Stanford residents aim to make clinics more sustainable


The US healthcare system is responsible for almost 9% of the country’s total carbon emissions. These emissions are part of a larger climate crisis that is harming human health, according to recent reports from the Lancet Countdown on Health and Climate Change and the World Health Organization.

Last summer and fall, a cohort of Stanford Medicine residents saw this reality firsthand as they treated patients whose health was affected by wildfires, among other climate-related health issues.

“The link between climate and health care has been front and center for many of us, as we have seen patients affected by heat and smoke, and we recognize that the health care industry contributes significantly to climate change,” said dermatology resident Paige. Wolstencroft, MD.

So when this cohort of Stanford dermatology residents had the opportunity to participate in a quality improvement project — one that operates within a framework used to systematically improve an organization’s processes and systems. The idea was to improve an aspect of their medical practice in the spring of 2021, they focused on sustainability.

Wolstencroft and colleagues from the Department of Anesthesiology and the Stanford Resident Safety Council developed a project focused on reducing waste from trays typically used during skin biopsies, under the mentorship of Bernice Kwong, MD.

Their efforts have already caught the attention of professors at the School of Medicine who have advocated for more climate-friendly practices.

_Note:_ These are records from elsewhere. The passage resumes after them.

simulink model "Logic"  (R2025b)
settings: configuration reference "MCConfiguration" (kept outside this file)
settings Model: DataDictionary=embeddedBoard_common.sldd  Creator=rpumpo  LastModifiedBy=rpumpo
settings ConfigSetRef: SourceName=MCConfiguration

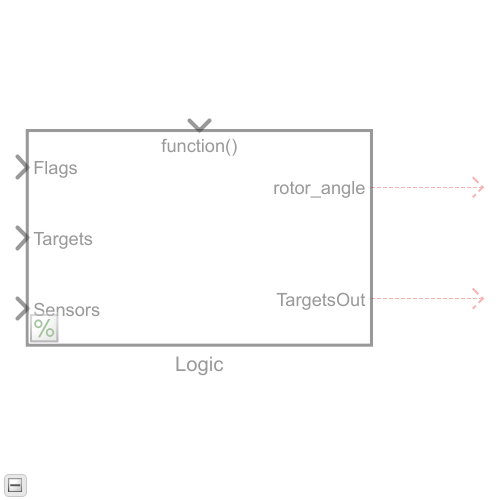
[thumbnail: Simulink's stored preview of the top-level diagram]
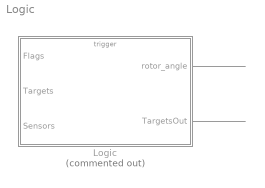
== system Logic ==
  Logic : Subsystem  Commented=on  TreatAsAtomicUnit=on
  wires:
  Logic/2(TargetsOut) -> ?
  Logic/1(rotor_angle) -> ?

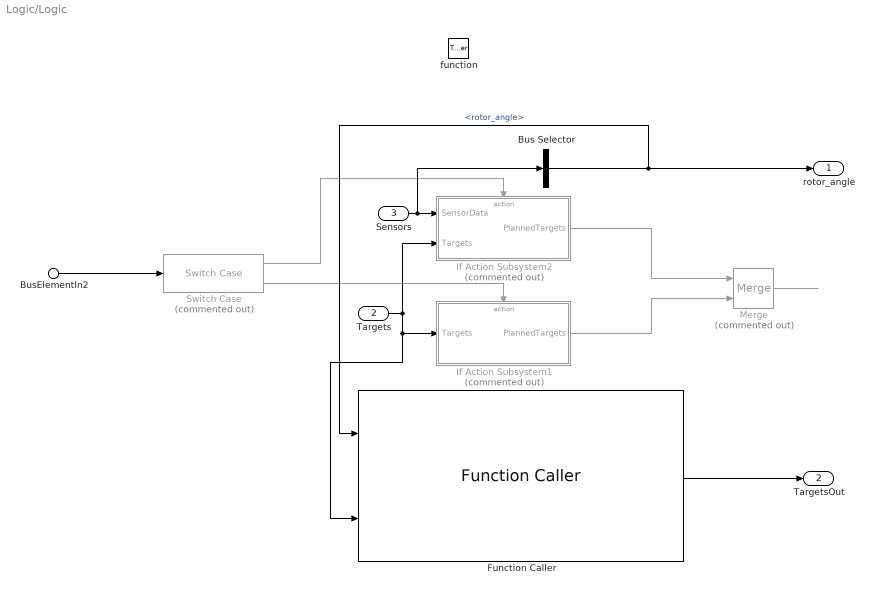
== system Logic/Logic ==
  BusElementIn2 : Inport  Description=control mode  PortName=Flags  Element=control_mode
  Targets : Inport  Port=2  OutDataTypeStr=Bus: Targets  BusOutputAsStruct=on
  Sensors : Inport  Port=3  OutDataTypeStr=Bus: SensorsData  BusOutputAsStruct=on
  function : TriggerPort  TriggerType=function-call  VariantControl=(inherit)
  Bus Selector : BusSelector  OutputSignals=motorsensors.qencoder.rotor_angle
  Function Caller : FunctionCaller  FunctionPrototype=planned_Targets = Planner.MinimumJerk(rotor_angle,Targets)  InputArgumentSpecifications=<Enter example>  OutputArgumentSpecifications=Targets
  If Action Subsystem1 : Subsystem  Commented=on  TreatAsAtomicUnit=on
  If Action Subsystem2 : Subsystem  Commented=on  TreatAsAtomicUnit=on
  Merge : Merge  Commented=on
  Switch Case : SwitchCase  Commented=on  CaseConditions={ControlModes.Position}
  rotor_angle : Outport
  TargetsOut : Outport  Port=2  OutDataTypeStr=Bus: Targets  BusOutputAsStruct=on
  wires:
  If Action Subsystem2/1(PlannedTargets) -> Merge/1
  If Action Subsystem1/1(PlannedTargets) -> Merge/2
  Switch Case/2 -> If Action Subsystem1/Action
  Merge/1 -> ?
  Switch Case/1 -> If Action Subsystem2/Action
  BusElementIn2/1 -> Switch Case/1
  Bus Selector/1 -> Function Caller/1, rotor_angle/1  "<rotor_angle>"
  Sensors/1 -> Bus Selector/1, If Action Subsystem2/1(SensorData)
  Targets/1 -> If Action Subsystem2/2(Targets), Function Caller/2, If Action Subsystem1/1(Targets)
  Function Caller/1 -> TargetsOut/1

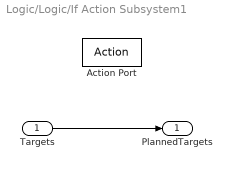
== system Logic/Logic/If Action Subsystem1 ==
  Targets : Inport  OutDataTypeStr=Bus: Targets
  Action Port : ActionPort  ActionPortLabel=default:
  PlannedTargets : Outport
  wires:
  Targets/1 -> PlannedTargets/1

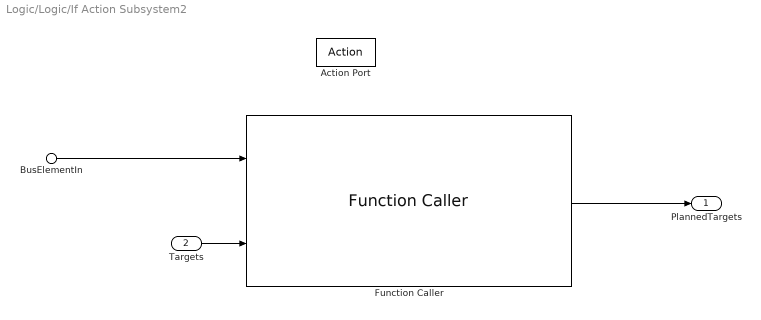
== system Logic/Logic/If Action Subsystem2 ==
  BusElementIn : Inport  Description=Mechanical Angle before gearbox  PortName=SensorData  Element=motorsensors.qencoder.rotor_angle
  Targets : Inport  Port=2  OutDataTypeStr=Bus: Targets
  Action Port : ActionPort  ActionPortLabel=case [ Position ]:
  Function Caller : FunctionCaller  FunctionPrototype=planned_Targets = Planner.MinimumJerk(rotor_angle,Targets)  InputArgumentSpecifications=<Enter example>  OutputArgumentSpecifications=Targets
  PlannedTargets : Outport  OutDataTypeStr=Bus: Targets
  wires:
  Targets/1 -> Function Caller/2
  Function Caller/1 -> PlannedTargets/1
  BusElementIn/1 -> Function Caller/1
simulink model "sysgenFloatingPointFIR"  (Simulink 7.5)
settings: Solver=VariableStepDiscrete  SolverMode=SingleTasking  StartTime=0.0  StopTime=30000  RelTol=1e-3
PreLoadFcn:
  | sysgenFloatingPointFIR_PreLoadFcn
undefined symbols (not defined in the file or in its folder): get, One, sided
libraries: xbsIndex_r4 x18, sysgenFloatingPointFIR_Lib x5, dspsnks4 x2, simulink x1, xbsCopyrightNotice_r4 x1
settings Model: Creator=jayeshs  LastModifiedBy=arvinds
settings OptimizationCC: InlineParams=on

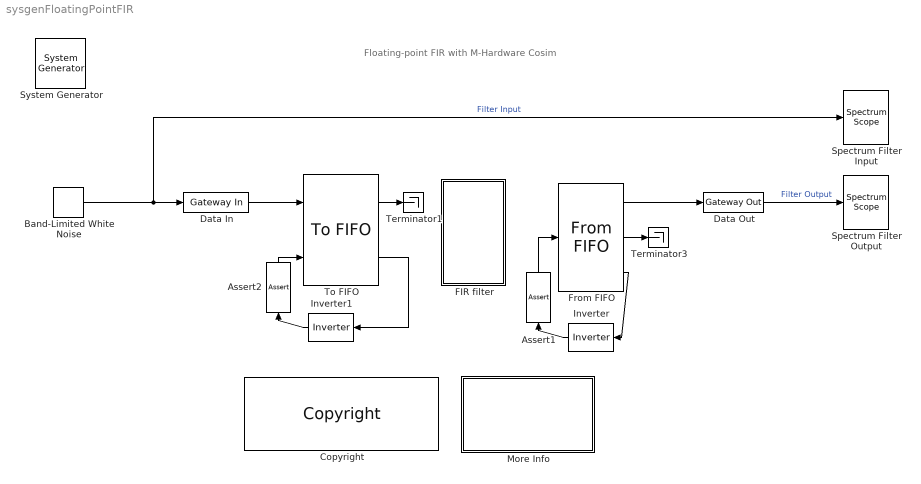
== system sysgenFloatingPointFIR ==
  note: Floating-point FIR with M-Hardware Cosim
  " System Generator" : xbsIndex_r4/ System Generator  Tag=genX  SystemSampleTime=-1  xilinxfamily=spartan6  part=xc6slx45t  speed=-3  package=fgg484  synthesis_tool=XST  clock_wrapper=Clock Enables  directory=./netlist  proj_type=Project Navigator  Synth_file=XST Defaults  Impl_file=ISE Defaults  testbench=on  simulink_period=1  sysclk_period=10  dcm_input_clock_period=10  incr_netlist=off  trim_vbits=Everywhere in SubSystem  dbl_ovrd=According to Block Masks  core_generation=According to Block Masks  run_coregen=off  deprecated_control=off  eval_field=0  block_type=sysgen
      settings: block_version=13.2
  Assert1 : xbsIndex_r4/Assert  assert_type=off  type_source=Explicitly  gui_display_data_type=Fixed-point  arith_type=Unsigned  n_bits=8  bin_pt=2  preci_type=Single  exp_width=8  frac_width=24  assert_rate=on  rate_source=Explicitly  period=1  output_port=on  block_type=assert
      settings: infoedit=Asserts a user-defined sample rate and/or type on a signal.  block_version=VER_STRING_GOES_HERE
  Assert2 : xbsIndex_r4/Assert  assert_type=off  type_source=Explicitly  gui_display_data_type=Fixed-point  arith_type=Unsigned  n_bits=8  bin_pt=2  preci_type=Single  exp_width=8  frac_width=24  assert_rate=on  rate_source=Explicitly  period=1  output_port=on  block_type=assert
      settings: infoedit=Asserts a user-defined sample rate and/or type on a signal.  block_version=VER_STRING_GOES_HERE
  Band-Limited White Noise : simulink/Sources/Band-Limited White Noise  SystemSampleTime=-1  Cov=[1]  Ts=1  seed=[23341]
  Copyright : xbsCopyrightNotice_r4/Copyright  copyrighttext="Copyright (c) 2011  by  Xilinx, Inc. All rights reserved.<br><br>This file contains proprietary, confidential information of Xilinx, Inc., is distributed under license from Xilinx, Inc., and may be used, copied and/or disclosed only pursuant to the terms of a valid license agreement with Xilinx, Inc. Xilinx hereby grants you a license to use this file solely for design, simulation, implementation and creation of design files limited to Xilinx devices or technologies. Use with non-Xilinx devices or technologies is expressly prohibited and immediately terminates your license unless covered by a separate agreement.<br><br>Xilinx is providing this design, code, or information \"as-is\" solely for use in developing programs and solutions for Xilinx devices, with no obligation on the part of Xilinx to provide support. By providing this design, code, or information as one possible implementation of this feature, application or standard, Xilinx is making no representation that this implementation is free from any claims of infringement. You are responsible for obtaining any rights you may require for your implementation. Xilinx expressly disclaims any warranty whatsoever with respect to the adequacy of the implementation, including but not limited to any warranties or representations that this implementation is free from claims of infringement, implied warranties of merchantability or fitness for a particular purpose.<br><br>Xilinx products are not intended for use in life support appliances, devices, or systems. Use in such applications is expressly prohibited.<br><br>Any modifications that are made to the Source Code are done at the user's sole risk and will be unsupported.<br><br>This copyright and support notice must be retained as part of this text at all times. (c) Copyright 1995-2011 Xilinx, Inc. All rights reserved."  block_type=copyright
      settings: block_version=10.1.00
      settings: infoedit=|
      | Copyright(C) 2008 by  Xilinx, Inc. All rights reserved.<br>
      | <br>
      | This file contains proprietary, confidential information of Xilinx, Inc., is distributed under license
      | from Xilinx, Inc., and may be used, copied and/or disclosed only pursuant to the terms of a valid license
      | agreement with Xilinx, Inc. Xilinx hereby grants you a license to use this file solely for design,
      | simulation, implementation and creation of design files limited to Xilinx devices or technologies. Use
      | with non-Xilinx devices or technologies is expressly prohibited and immediately terminates your license
      | unless covered by a separate agreement.<br>
      | <br>
      | Xilinx is providing this design, code, or information "as-is" solely for use in developing programs and
      | solutions for Xilinx devices, with no obligation on the part of Xilinx to provide support. By providing
      | this design, code, or information as one possible implementation of this feature, application or standard,
      | Xilinx is making no representation that this implementation is free from any claims of infringement. You
      | are responsible for obtaining any rights you may require for your implementation. Xilinx expressly disclaims
      | any warranty whatsoever with respect to the adequacy of the implementation, including but not limited to any
      | warranties or representations that this implementation is free from claims of infringement, implied warranties
      | of merchantability or fitness for a particular purpose.<br>
      | <br>
      | Xilinx products are not intended for use in life support appliances, devices, or systems. Use in such
      | applications is expressly prohibited.<br>
      | <br>
      | Any modifications that are made to the Source Code are done at the user's sole risk and will be unsupported.<br>
      | <br>
      | This copyright and support notice must be retained as part of this text at all times.
      | (c) Copyright 1995-2008 Xilinx, Inc. All rights reserved.
  Data In : xbsIndex_r4/Gateway In  gui_display_data_type=Floating-point  arith_type=Floating-point  n_bits=40  bin_pt=32  preci_type=Single  exp_width=6  frac_width=15  quantization="Round  (unbiased: +/- Inf)"  overflow=Saturate  period=1  dbl_ovrd=off  timing_constraint=None  locs_specified=off  LOCs={}  hdl_port=on  block_type=gatewayin
      settings: infoedit="Gateway in block.  Converts inputs of type Simulink integer, double and fixed point to  Xilinx fixed point or floating-point data type.<br><br>Hardware notes:  In hardware these blocks become top level input ports."  block_version=13.2
  Data Out : xbsIndex_r4/Gateway Out  hdl_port=on  timing_constraint=None  locs_specified=off  LOCs={}  block_type=gatewayout
      settings: infoedit="Gateway out block.  Converts Xilinx fixed point inputs into ouputs of type Simulink integer, double, or fixed point.<br><br>Hardware notes:  In hardware these blocks become top level output ports or are discarded, depending on how they are configured."  block_version=13.2
  FIR filter : Subsystem
  From FIFO : xbsIndex_r4/From FIFO  shared_memory_name='VA'  ownership=Owned elsewhere  performance_options=Standard_FIFO  depth=4K  percent_nbits=8  has_arst=off  use_percent_full_port=on  gui_display_data_type=Floating-point  arith_type=Floating-point  n_bits=32  bin_pt=29  preci_type=Single  dbl_ovrd=off  mem_type=Block RAM  block_type=fromfifo
      settings: AttributesFormatString=<< %<shared_memory_name> >>  infoedit=First-in-first-out (FIFO) block that reads FIFO data from shared memory storage.  block_version=VER_STRING_GOES_HERE
  Inverter : xbsIndex_r4/Inverter  en=off  latency=0  dbl_ovrd=off  block_type=inv
      settings: block_version=VER_STRING_GOES_HERE
  Inverter1 : xbsIndex_r4/Inverter  en=off  latency=0  dbl_ovrd=off  block_type=inv
      settings: block_version=VER_STRING_GOES_HERE
  More Info : Subsystem
      mask Display: disp('Double click\n for\n more information.')
  Spectrum Filter Input : dspsnks4/Spectrum Scope  DialogController=dspdialog.SpectrumScope  DialogControllerArgs=DataTag2  SystemSampleTime=-1  ScopeProperties=on  Domain=Frequency  HorizSpan=1  UseBuffer=on  BufferSize=1024  Overlap=64  inpFftLenInherit=off  FFTlength=128  numAvg=20  DisplayProperties=off  AxisGrid=on  Memory=off  FrameNumber=on  AxisLegend=off  AxisZoom=off  OpenScopeAtSimStart=on  OpenScopeImmediately=off  FigPos=get(0,'defaultfigureposition')  AxisProperties=off  XUnits=Hertz  XRange=One-sided ([0...Fs/2])  XDisplay=0  InheritXIncr=off  XIncr=1.0  XLabel=Samples  XLimit=Auto  YUnits=dBW/Hertz  XMax=1  XMin=0  YLabel=Magnitude-squared, dB  LineProperties=off  wintypeSpecScope=Hann  RsSpecScope=50  betaSpecScope=5  winsampSpecScope=Periodic  XAxisParamsVer=6.9
      settings: YMin=-10  YMax=10
  Spectrum Filter Output : dspsnks4/Spectrum Scope  DialogController=dspdialog.SpectrumScope  DialogControllerArgs=DataTag3  SystemSampleTime=-1  ScopeProperties=on  Domain=Frequency  HorizSpan=1  UseBuffer=on  BufferSize=1024  Overlap=64  inpFftLenInherit=off  FFTlength=128  numAvg=20  DisplayProperties=off  AxisGrid=on  Memory=off  FrameNumber=on  AxisLegend=off  AxisZoom=off  OpenScopeAtSimStart=on  OpenScopeImmediately=off  FigPos=get(0,'defaultfigureposition')  AxisProperties=off  XUnits=Hertz  XRange=One-sided ([0...Fs/2])  XDisplay=0  InheritXIncr=off  XIncr=1.0  XLabel=Samples  XLimit=Auto  YUnits=dBW/Hertz  XMax=1  XMin=0  YLabel=Magnitude-squared, dB  LineProperties=off  wintypeSpecScope=Hann  RsSpecScope=50  betaSpecScope=5  winsampSpecScope=Periodic  XAxisParamsVer=6.9
      settings: YMin=-10  YMax=10
  Terminator1 : Terminator
  Terminator3 : Terminator
  To FIFO : xbsIndex_r4/To FIFO  shared_memory_name='CA'  ownership=Owned elsewhere  performance_options=Standard_FIFO  depth=4K  percent_nbits=1  has_arst=off  use_percent_full_port=on  explicit_data_type=off  gui_display_data_type=Fixed-point  arith_type="Signed  (2's comp)"  n_bits=32  bin_pt=11  preci_type=Single  dbl_ovrd=off  mem_type=Block RAM  block_type=tofifo
      settings: AttributesFormatString=<< %<shared_memory_name> >>  infoedit=First-in-first-out (FIFO) block that writes FIFO data to shared memory storage.  block_version=VER_STRING_GOES_HERE
  wires:
  Band-Limited White Noise/1 -> Data In/1, Spectrum Filter Input/1  "Filter Input"
  From FIFO/2 -> Terminator3/1
  From FIFO/3 -> Inverter/1
  Inverter/1 -> Assert1/1
  Assert1/1 -> From FIFO/1
  From FIFO/1 -> Data Out/1
  To FIFO/1 -> Terminator1/1
  To FIFO/2 -> Inverter1/1
  Assert2/1 -> To FIFO/2
  Inverter1/1 -> Assert2/1
  Data In/1 -> To FIFO/1
  Data Out/1 -> Spectrum Filter Output/1  "Filter Output"

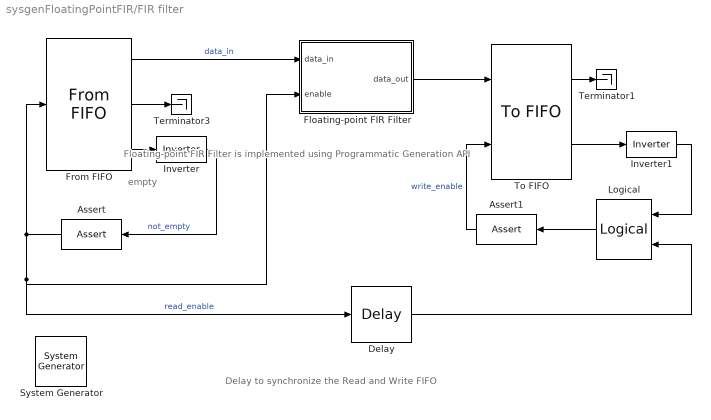
== system sysgenFloatingPointFIR/FIR filter ==
  note: empty
  note: Floating-point FIR Filter is
      |          implemented using
      | Programmatic Generation API
  note: Delay to synchronize the
      |      Read and Write FIFO
  " System Generator" : xbsIndex_r4/ System Generator  Tag=genX  SystemSampleTime=-1  xilinxfamily=spartan6  part=xc6slx45t  speed=-3  package=fgg484  synthesis_tool=XST  clock_wrapper=Clock Enables  directory=./netlist  proj_type=Project Navigator  Synth_file=XST Defaults  Impl_file=ISE Defaults  testbench=off  simulink_period=1  sysclk_period=20  dcm_input_clock_period=100  incr_netlist=off  trim_vbits=Everywhere in SubSystem  dbl_ovrd=According to Block Masks  core_generation=According to Block Masks  run_coregen=off  deprecated_control=off  eval_field=0  block_type=sysgen
      settings: block_version=8.2.02
  Assert : xbsIndex_r4/Assert  assert_type=off  type_source=Explicitly  gui_display_data_type=Fixed-point  arith_type=Unsigned  n_bits=8  bin_pt=2  preci_type=Single  exp_width=8  frac_width=24  assert_rate=on  rate_source=Explicitly  period=1  output_port=on  block_type=assert
      settings: infoedit=Asserts a user-defined sample rate and/or type on a signal.  block_version=VER_STRING_GOES_HERE
  Assert1 : xbsIndex_r4/Assert  assert_type=off  type_source=Explicitly  gui_display_data_type=Fixed-point  arith_type=Unsigned  n_bits=8  bin_pt=2  preci_type=Single  exp_width=8  frac_width=24  assert_rate=on  rate_source=Explicitly  period=1  output_port=on  block_type=assert
      settings: infoedit=Asserts a user-defined sample rate and/or type on a signal.  block_version=VER_STRING_GOES_HERE
  Delay : xbsIndex_r4/Delay  rst=off  infoeditControl=Selection of Reset will increase slice count due to use of real FFs and instead of SRLs  en=off  latency=3  dbl_ovrd=off  reg_retiming=off  block_type=delay
  Floating-point FIR Filter : Subsystem  mask{filter_coefficients=fir1(4,0.02)}
      mask prompts: filter_coefficients "Filter Coefficients"
      mask init:
      | config.source = str2func('sysgenFloatingPointFIRGenerator'); 
      | config.toplevel = gcb; 
      | xBlock(config, {filter_coefficients});
  From FIFO : xbsIndex_r4/From FIFO  shared_memory_name='CA'  ownership=Locally owned  performance_options=Standard_FIFO  depth=4K  percent_nbits=1  has_arst=off  use_percent_full_port=on  gui_display_data_type=Floating-point  arith_type=Floating-point  n_bits=32  bin_pt=24  preci_type=Single  dbl_ovrd=off  mem_type=Block RAM  block_type=fromfifo
      settings: AttributesFormatString=<< %<shared_memory_name> >>  infoedit=First-in-first-out (FIFO) block that reads FIFO data from shared memory storage.  block_version=VER_STRING_GOES_HERE
  Inverter : xbsIndex_r4/Inverter  en=off  latency=0  dbl_ovrd=off  block_type=inv
      settings: block_version=VER_STRING_GOES_HERE
  Inverter1 : xbsIndex_r4/Inverter  en=off  latency=0  dbl_ovrd=off  block_type=inv
      settings: block_version=VER_STRING_GOES_HERE
  Logical : xbsIndex_r4/Logical  logical_function=AND  inputs=2  en=off  latency=0  precision=Full  arith_type=Unsigned  n_bits=16  bin_pt=0  align_bp=on  dbl_ovrd=off  block_type=logical
  Terminator1 : Terminator
  Terminator3 : Terminator
  To FIFO : xbsIndex_r4/To FIFO  shared_memory_name='VA'  ownership=Locally owned  performance_options=Standard_FIFO  depth=4K  percent_nbits=8  has_arst=off  use_percent_full_port=on  explicit_data_type=on  gui_display_data_type=Floating-point  arith_type=Floating-point  n_bits=32  bin_pt=24  preci_type=Single  dbl_ovrd=off  mem_type=Block RAM  block_type=tofifo
      settings: AttributesFormatString=<< %<shared_memory_name> >>  infoedit=First-in-first-out (FIFO) block that writes FIFO data to shared memory storage.  block_version=VER_STRING_GOES_HERE
  wires:
  Inverter/1 -> Assert/1  "not_empty"
  From FIFO/3 -> Inverter/1
  Assert/1 -> From FIFO/1, Delay/1, Floating-point FIR Filter/2(enable)  "read_enable"
  To FIFO/1 -> Terminator1/1
  To FIFO/2 -> Inverter1/1
  Logical/1 -> Assert1/1
  Assert1/1 -> To FIFO/2  "write_enable"
  From FIFO/1 -> Floating-point FIR Filter/1(data_in)  "data_in"
  Delay/1 -> Logical/2
  Inverter1/1 -> Logical/1
  Floating-point FIR Filter/1(data_out) -> To FIFO/1
  From FIFO/2 -> Terminator3/1

== system sysgenFloatingPointFIR/More Info ==
  note: Sysgen Floating Point FIR using M-Hardware Cosim
  note: This model implements a transposed FIR filter with single precision floating point inputs. The floating
      | point data is communicated to/from the FIR filter using the Shared FIFO.
      |
      | The read enable on the input FIFO is asserted only when the FIFO is not empty. The write enable on the
      | output FIFO is asserted when the FIFO is not full and the delayed read enable signal from the input FIFO is
      | high. The delayed read enable signal is used from the input FIFO for synchronization with the output FIFO,
      | when the subsytem is free-running. This ensures that  the correct samples are read out from the
      | output FIFO.
      |
      | The amount of delay required between the input and the output FIFO is equal to the clock cycles required by
      | the subsystem to produce the first output + 1(1 is added to account for the delay between read enable on
      | the FIFO and when the data sample first appears on the output of the FIFO).
      |
      | The subsystem also contains an enable input. This signal is used for synchronization in the internal circuitry.
      | It ensures that the correct data samples are propagated through the internal circuitry only when there is valid
      | data in the input FIFO.
      |
      | The FIR subsystem takes in the coefficients of the filters and implements a transposed FIR Filter. When the
      | coefficients are given to the block, internally the 'sysgenFloatingPointFIRGenerator.m' script is run. This is
      | used for programmatic generation of Xilinx based simulink blocks and models. Please refer the section on
      | Programmatic Access in the SysGen User Guide for more details on Programmatic Generation API (PGAPI).
      |
      | The files for hardware cosimulation(.hwc, .mdl, .bit) with six tap FIR filter are provided along with this example
      | for SP-605 board. The M-hardware cosimulation script 'mhwcosim_fir_filter.m' will run the simulation on
      | hardware. According to the synchronization circuitry provided, each input sample in the input FIFO will provide
      | a corresponding ouput sample on the output FIFO.  Sifting in zero input can be used to get the remaining data
      | samples in the subsystem out.
      |
      | To generate a Hardware CoSim block for a different board, take the following steps:
      |
      | 1. Go into the FIR filter.
      | 2. Double click on the Xilinx Sysgen token.
      | 3. Under Compilation, select Hardware Co-Simulation, select your board and the connection type.
      | 4. Specify the name of your target directory.
      | 5. Hit Generate.
      | 6. Once the hardware co-sim block is generated for your design, copy the .hwc and the .bit files for the hardware
      |     co-sim block from the target directory to the current directory.
      | 7. Under the Matlab command window, use xlHwcosimConfig('<your block name>.hwc') to configure it as
      |     free-running.
      | 8. Make the changes in sysgenFloatingPointFIR_mhwcosim.m to incorporate your design name.
      | 9. Type sysgenFloatingPointFIR_mhwcosim in the Matlab Console and see your custom FIR filter simulation
      |      run on your FPGA board.

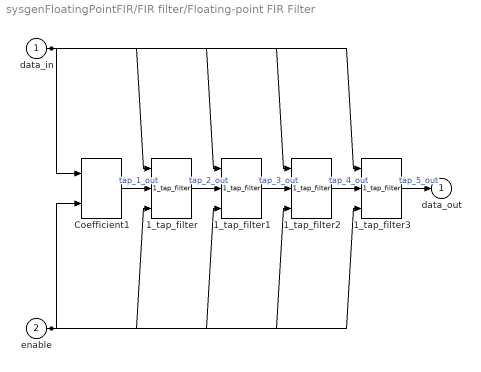
== system sysgenFloatingPointFIR/FIR filter/Floating-point FIR Filter ==
  data_in : Inport
  enable : Inport  Port=2
  1_tap_filter : sysgenFloatingPointFIR_Lib/1_tap_filter  SystemSampleTime=-1  filter_coefficient=0.241034568214606
  1_tap_filter1 : sysgenFloatingPointFIR_Lib/1_tap_filter  SystemSampleTime=-1  filter_coefficient=0.446654140147575
  1_tap_filter2 : sysgenFloatingPointFIR_Lib/1_tap_filter  SystemSampleTime=-1  filter_coefficient=0.241034568214606
  1_tap_filter3 : sysgenFloatingPointFIR_Lib/1_tap_filter  SystemSampleTime=-1  filter_coefficient=0.0356383617116066
  Coefficient1 : sysgenFloatingPointFIR_Lib/Coefficient1  SystemSampleTime=-1  coeff=0.0356383617116066
  data_out : Outport
  wires:
  data_in/1 -> 1_tap_filter3/1, 1_tap_filter2/1, 1_tap_filter1/1, 1_tap_filter/1, Coefficient1/1
  enable/1 -> 1_tap_filter3/3, 1_tap_filter2/3, 1_tap_filter1/3, 1_tap_filter/3, Coefficient1/2
  1_tap_filter3/1 -> data_out/1  "tap_5_out"
  1_tap_filter2/1 -> 1_tap_filter3/2  "tap_4_out"
  1_tap_filter1/1 -> 1_tap_filter2/2  "tap_3_out"
  1_tap_filter/1 -> 1_tap_filter1/2  "tap_2_out"
  Coefficient1/1 -> 1_tap_filter/2  "tap_1_out"

“As physicians, we have a moral and ethical obligation to reduce our carbon footprint,” said Barbara Erny, MD, adjunct clinical associate professor and proponent of integrating climate change education at all levels of training of doctors. “The work that Dr. Wolstencroft and her fellow residents are doing demonstrates that we can all make a difference by analyzing the way we practice medicine and implementing change in the clinic and the hospital.”

I spoke with Wolstencroft about the project and how others can apply quality improvement principles to “green” their medical practices. This conversation has been edited for clarity and length.

How did you decide which aspect of your practice to focus on?

We knew we wanted to create a project that would universally engage residents and be both sustainable and scalable for all of our clinical sites. Given the frequency with which skin biopsies are performed, this seemed like a natural place to start. The potential impact of reducing biopsy tray waste cannot be emphasized enough. Through our initial week-long waste audit, we determined that 46 skin biopsies were performed, leading to a conservative estimate of 2,392 skin biopsies performed annually by residents of our dermatology program alone.

How much waste did these biopsies generate?

We observed great variability between clinical sites with respect to the materials used as part of the skin biopsy tray configuration, as well as the total amount of waste. We defined waste as any item on a skin biopsy tray that has been opened and unused, and therefore discarded at the end of the procedure. Using this definition, we found that 84% of trays contained at least one wasted item, and the average number of wasted supplies per tray was 7.2. Some items – including gauze – were wasted with greater frequency and volume than other supplies. This made it possible to target our intervention.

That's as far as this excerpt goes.